— What needs to be done —
Among the entries below, only the lines starting at the one with "Saidas : Scope" and ending at the one with "Coulomb & Viscous Friction1/1 ->", both included, are to be printed exactly.

— Exercise materials —

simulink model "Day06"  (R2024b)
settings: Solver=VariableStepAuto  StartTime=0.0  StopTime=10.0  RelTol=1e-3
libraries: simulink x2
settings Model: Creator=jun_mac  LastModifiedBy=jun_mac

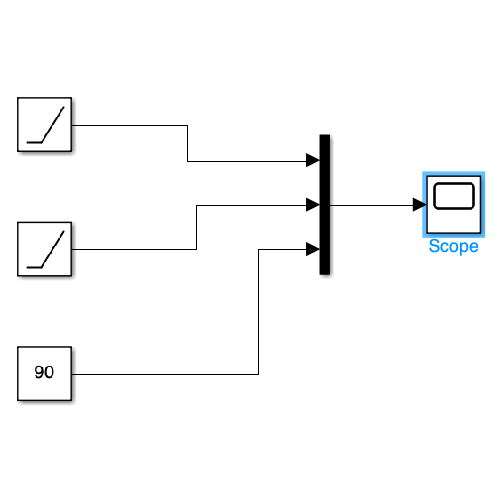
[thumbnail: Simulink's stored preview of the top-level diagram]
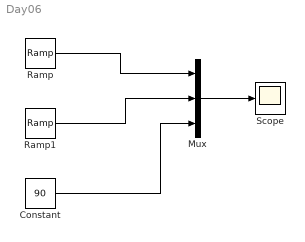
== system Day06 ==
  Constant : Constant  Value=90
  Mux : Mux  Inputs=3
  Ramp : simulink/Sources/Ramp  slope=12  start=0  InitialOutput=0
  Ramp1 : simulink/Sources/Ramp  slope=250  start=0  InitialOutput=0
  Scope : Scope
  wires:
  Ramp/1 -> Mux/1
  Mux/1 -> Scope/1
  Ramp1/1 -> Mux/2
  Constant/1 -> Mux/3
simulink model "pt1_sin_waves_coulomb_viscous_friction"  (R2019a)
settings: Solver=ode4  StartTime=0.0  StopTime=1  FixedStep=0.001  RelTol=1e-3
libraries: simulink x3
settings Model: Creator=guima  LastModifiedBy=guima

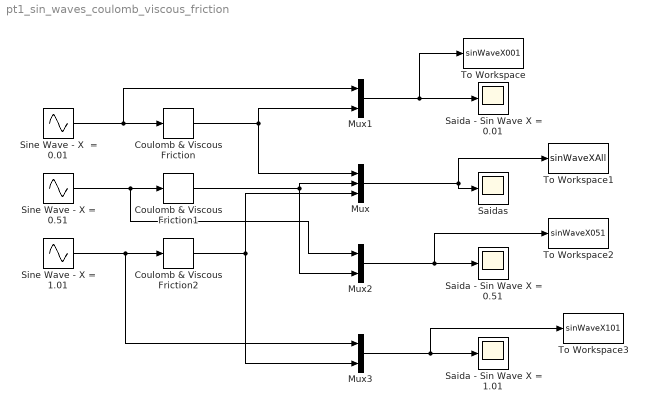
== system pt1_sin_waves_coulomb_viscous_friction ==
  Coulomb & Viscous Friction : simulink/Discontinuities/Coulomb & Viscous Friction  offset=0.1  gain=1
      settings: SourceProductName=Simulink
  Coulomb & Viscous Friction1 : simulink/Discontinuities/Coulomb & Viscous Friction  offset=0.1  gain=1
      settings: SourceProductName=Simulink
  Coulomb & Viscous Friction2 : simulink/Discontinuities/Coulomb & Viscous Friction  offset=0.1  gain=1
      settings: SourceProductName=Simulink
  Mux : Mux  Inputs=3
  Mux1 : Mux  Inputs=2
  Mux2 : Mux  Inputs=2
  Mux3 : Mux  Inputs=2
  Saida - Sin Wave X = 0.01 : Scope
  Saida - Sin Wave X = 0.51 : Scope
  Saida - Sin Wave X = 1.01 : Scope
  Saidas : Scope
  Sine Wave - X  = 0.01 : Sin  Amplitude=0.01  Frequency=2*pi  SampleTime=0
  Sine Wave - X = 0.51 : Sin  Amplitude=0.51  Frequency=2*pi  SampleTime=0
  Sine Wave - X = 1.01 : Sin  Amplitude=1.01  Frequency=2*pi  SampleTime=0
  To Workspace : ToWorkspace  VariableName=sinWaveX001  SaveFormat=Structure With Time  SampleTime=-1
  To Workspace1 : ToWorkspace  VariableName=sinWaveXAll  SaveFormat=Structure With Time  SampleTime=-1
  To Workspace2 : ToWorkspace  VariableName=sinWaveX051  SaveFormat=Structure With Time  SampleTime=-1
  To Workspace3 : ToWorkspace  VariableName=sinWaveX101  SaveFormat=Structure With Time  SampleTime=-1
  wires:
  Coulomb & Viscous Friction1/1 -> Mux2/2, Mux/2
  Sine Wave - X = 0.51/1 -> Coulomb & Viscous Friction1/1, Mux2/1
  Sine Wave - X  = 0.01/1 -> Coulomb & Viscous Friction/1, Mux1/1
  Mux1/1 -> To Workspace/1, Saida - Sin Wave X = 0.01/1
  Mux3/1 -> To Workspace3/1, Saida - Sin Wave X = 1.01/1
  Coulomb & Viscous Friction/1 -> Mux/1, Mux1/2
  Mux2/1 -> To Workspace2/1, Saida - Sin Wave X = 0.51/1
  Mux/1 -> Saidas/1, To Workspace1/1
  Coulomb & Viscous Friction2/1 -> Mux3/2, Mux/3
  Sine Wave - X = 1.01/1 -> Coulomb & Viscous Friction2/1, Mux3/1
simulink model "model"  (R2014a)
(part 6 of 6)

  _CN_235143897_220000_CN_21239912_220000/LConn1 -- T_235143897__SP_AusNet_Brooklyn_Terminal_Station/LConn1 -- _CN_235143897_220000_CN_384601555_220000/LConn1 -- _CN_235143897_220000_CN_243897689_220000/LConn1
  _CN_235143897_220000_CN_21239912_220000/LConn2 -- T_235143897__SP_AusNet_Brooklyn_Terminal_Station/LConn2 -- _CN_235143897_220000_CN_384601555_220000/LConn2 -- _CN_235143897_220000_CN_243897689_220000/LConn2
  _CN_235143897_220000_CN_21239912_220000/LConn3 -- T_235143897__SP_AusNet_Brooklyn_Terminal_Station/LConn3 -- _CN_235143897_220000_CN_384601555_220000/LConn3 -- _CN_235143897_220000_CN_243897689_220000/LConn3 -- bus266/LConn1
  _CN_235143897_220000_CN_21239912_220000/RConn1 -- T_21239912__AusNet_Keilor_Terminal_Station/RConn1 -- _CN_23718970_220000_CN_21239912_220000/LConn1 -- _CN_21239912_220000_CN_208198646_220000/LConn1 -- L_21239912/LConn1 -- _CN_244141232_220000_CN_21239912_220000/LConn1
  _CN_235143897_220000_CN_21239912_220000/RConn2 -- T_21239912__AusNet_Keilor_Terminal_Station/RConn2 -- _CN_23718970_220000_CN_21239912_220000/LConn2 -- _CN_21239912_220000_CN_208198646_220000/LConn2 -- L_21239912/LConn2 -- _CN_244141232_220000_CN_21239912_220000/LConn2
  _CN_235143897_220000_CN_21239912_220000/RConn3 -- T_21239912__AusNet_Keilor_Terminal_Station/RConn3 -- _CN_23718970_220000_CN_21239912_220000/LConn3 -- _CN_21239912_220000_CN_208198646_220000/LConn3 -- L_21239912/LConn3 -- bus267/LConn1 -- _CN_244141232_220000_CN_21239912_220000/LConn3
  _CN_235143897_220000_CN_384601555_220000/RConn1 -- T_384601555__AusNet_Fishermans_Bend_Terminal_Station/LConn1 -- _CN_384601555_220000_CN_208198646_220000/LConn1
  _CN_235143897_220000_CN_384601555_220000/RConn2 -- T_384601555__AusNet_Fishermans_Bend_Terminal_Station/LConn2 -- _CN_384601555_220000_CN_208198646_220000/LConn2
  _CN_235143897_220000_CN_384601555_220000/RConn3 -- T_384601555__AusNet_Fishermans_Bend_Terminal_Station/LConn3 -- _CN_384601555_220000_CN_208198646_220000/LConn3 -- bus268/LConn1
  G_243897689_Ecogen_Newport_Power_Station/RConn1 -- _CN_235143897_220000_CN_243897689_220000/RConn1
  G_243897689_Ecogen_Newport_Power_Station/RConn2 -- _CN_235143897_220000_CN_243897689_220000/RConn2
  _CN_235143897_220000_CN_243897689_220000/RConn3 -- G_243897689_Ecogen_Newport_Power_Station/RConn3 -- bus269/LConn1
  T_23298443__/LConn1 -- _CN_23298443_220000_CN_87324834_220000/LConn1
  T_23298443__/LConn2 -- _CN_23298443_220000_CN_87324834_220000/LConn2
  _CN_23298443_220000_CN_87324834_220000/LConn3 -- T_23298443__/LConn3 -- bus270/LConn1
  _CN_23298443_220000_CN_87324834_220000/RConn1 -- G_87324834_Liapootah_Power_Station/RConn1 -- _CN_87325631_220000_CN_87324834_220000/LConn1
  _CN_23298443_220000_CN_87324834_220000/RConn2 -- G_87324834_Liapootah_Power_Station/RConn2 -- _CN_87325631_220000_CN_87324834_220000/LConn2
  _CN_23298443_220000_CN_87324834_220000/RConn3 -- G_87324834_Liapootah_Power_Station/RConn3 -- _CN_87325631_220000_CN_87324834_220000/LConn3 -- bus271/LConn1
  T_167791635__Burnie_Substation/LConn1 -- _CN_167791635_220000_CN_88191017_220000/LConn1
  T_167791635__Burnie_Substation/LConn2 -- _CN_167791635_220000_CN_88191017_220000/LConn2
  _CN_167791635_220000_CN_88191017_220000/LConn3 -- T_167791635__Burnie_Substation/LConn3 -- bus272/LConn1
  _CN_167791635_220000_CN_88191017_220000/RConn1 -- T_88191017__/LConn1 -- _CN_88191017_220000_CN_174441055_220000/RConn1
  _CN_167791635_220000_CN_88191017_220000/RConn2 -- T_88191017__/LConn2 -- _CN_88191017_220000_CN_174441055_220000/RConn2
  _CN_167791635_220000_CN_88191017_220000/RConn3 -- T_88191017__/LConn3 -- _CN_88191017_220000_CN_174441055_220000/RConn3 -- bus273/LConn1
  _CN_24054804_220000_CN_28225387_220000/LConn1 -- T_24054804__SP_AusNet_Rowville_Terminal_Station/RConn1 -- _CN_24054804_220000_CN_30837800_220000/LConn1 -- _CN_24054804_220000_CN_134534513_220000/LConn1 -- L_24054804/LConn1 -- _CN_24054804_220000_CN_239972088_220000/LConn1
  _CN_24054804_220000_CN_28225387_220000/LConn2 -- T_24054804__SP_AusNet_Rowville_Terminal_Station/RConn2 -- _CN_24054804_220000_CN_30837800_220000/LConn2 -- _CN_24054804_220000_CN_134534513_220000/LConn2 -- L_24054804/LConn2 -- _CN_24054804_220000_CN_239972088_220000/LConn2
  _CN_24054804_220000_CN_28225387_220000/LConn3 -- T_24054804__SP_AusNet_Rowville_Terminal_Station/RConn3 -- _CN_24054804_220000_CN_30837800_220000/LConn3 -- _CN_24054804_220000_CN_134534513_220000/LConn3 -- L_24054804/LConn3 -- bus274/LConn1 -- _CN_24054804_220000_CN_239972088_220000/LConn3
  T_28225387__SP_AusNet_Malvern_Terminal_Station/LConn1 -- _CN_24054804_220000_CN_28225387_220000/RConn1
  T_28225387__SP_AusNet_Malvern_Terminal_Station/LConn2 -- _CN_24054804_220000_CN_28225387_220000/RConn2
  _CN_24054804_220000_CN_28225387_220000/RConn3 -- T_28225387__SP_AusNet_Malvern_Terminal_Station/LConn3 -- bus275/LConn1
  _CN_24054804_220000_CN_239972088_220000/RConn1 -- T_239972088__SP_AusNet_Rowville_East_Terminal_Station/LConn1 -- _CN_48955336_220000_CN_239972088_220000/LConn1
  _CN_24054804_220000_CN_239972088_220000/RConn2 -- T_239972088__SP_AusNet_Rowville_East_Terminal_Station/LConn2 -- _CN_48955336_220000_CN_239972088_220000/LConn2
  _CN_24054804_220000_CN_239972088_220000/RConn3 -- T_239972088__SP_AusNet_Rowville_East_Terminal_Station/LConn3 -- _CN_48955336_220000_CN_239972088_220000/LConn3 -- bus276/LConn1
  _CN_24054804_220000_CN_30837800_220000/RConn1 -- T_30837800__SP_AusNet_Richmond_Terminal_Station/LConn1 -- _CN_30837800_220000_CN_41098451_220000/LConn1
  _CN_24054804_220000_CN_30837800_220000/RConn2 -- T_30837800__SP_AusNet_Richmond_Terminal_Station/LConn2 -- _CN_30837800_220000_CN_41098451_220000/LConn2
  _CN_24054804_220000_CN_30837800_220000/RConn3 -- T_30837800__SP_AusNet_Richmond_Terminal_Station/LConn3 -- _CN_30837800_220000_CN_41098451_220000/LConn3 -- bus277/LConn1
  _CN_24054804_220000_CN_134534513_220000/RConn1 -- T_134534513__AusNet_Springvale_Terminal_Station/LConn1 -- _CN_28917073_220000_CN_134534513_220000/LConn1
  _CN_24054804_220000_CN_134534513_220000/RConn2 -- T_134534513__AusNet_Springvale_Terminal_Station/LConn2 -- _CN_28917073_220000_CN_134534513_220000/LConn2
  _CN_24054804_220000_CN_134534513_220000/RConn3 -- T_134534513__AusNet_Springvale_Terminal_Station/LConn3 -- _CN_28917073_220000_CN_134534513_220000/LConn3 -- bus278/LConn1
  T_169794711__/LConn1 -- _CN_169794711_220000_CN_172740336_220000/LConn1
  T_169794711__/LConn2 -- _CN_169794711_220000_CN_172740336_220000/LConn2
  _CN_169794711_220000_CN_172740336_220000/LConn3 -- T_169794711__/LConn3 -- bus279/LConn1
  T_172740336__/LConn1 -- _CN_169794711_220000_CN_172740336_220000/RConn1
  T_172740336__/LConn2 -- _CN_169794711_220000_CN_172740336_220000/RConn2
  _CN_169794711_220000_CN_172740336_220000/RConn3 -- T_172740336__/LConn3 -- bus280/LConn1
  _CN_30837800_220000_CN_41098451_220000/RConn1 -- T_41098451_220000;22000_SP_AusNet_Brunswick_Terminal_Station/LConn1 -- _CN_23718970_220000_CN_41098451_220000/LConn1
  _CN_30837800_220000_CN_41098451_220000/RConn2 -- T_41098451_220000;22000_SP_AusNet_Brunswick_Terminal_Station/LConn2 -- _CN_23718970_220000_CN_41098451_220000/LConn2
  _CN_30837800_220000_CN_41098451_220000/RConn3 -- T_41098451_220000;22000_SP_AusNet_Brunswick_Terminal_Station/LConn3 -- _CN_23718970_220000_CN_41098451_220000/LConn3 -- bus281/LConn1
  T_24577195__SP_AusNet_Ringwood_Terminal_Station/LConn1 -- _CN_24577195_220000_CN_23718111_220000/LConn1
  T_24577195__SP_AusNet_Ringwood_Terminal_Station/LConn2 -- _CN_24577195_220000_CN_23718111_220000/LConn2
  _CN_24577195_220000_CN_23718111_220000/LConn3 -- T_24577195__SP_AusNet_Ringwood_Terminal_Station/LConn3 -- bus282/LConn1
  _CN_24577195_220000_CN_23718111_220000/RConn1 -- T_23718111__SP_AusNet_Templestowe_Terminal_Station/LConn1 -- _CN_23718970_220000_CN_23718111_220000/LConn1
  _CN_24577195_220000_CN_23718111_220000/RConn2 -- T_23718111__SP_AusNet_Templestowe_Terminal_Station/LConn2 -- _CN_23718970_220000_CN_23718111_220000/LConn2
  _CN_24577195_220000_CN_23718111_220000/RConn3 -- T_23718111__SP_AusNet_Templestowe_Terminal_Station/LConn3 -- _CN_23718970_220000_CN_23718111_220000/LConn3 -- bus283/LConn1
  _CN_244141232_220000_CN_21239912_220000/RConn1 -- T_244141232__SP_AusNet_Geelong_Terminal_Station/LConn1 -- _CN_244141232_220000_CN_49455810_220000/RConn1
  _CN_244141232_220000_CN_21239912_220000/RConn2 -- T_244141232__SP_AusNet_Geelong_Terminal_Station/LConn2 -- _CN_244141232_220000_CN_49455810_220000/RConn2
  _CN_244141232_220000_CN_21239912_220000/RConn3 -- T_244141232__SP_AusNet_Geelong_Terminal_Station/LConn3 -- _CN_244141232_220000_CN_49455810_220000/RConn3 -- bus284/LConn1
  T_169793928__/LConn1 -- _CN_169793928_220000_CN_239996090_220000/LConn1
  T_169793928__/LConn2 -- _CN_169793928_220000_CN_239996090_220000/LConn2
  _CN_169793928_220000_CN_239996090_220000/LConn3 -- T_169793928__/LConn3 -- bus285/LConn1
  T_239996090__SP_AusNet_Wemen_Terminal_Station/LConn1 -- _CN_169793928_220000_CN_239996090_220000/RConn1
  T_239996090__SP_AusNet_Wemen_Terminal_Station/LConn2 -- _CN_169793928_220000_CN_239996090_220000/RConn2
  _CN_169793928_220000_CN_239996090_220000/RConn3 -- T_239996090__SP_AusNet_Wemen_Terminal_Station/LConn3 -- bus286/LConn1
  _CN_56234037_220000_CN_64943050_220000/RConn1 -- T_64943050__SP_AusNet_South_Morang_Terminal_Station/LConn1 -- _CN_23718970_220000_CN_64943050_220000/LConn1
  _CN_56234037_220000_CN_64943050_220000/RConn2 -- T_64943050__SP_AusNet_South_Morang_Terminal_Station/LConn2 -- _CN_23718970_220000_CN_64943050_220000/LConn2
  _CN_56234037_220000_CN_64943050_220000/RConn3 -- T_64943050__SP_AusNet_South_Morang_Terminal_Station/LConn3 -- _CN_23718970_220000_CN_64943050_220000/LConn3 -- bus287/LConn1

— Answer space —
  Saidas : Scope
  Sine Wave - X  = 0.01 : Sin  Amplitude=0.01  Frequency=2*pi  SampleTime=0
  Sine Wave - X = 0.51 : Sin  Amplitude=0.51  Frequency=2*pi  SampleTime=0
  Sine Wave - X = 1.01 : Sin  Amplitude=1.01  Frequency=2*pi  SampleTime=0
  To Workspace : ToWorkspace  VariableName=sinWaveX001  SaveFormat=Structure With Time  SampleTime=-1
  To Workspace1 : ToWorkspace  VariableName=sinWaveXAll  SaveFormat=Structure With Time  SampleTime=-1
  To Workspace2 : ToWorkspace  VariableName=sinWaveX051  SaveFormat=Structure With Time  SampleTime=-1
  To Workspace3 : ToWorkspace  VariableName=sinWaveX101  SaveFormat=Structure With Time  SampleTime=-1
  wires:
  Coulomb & Viscous Friction1/1 -> Mux2/2, Mux/2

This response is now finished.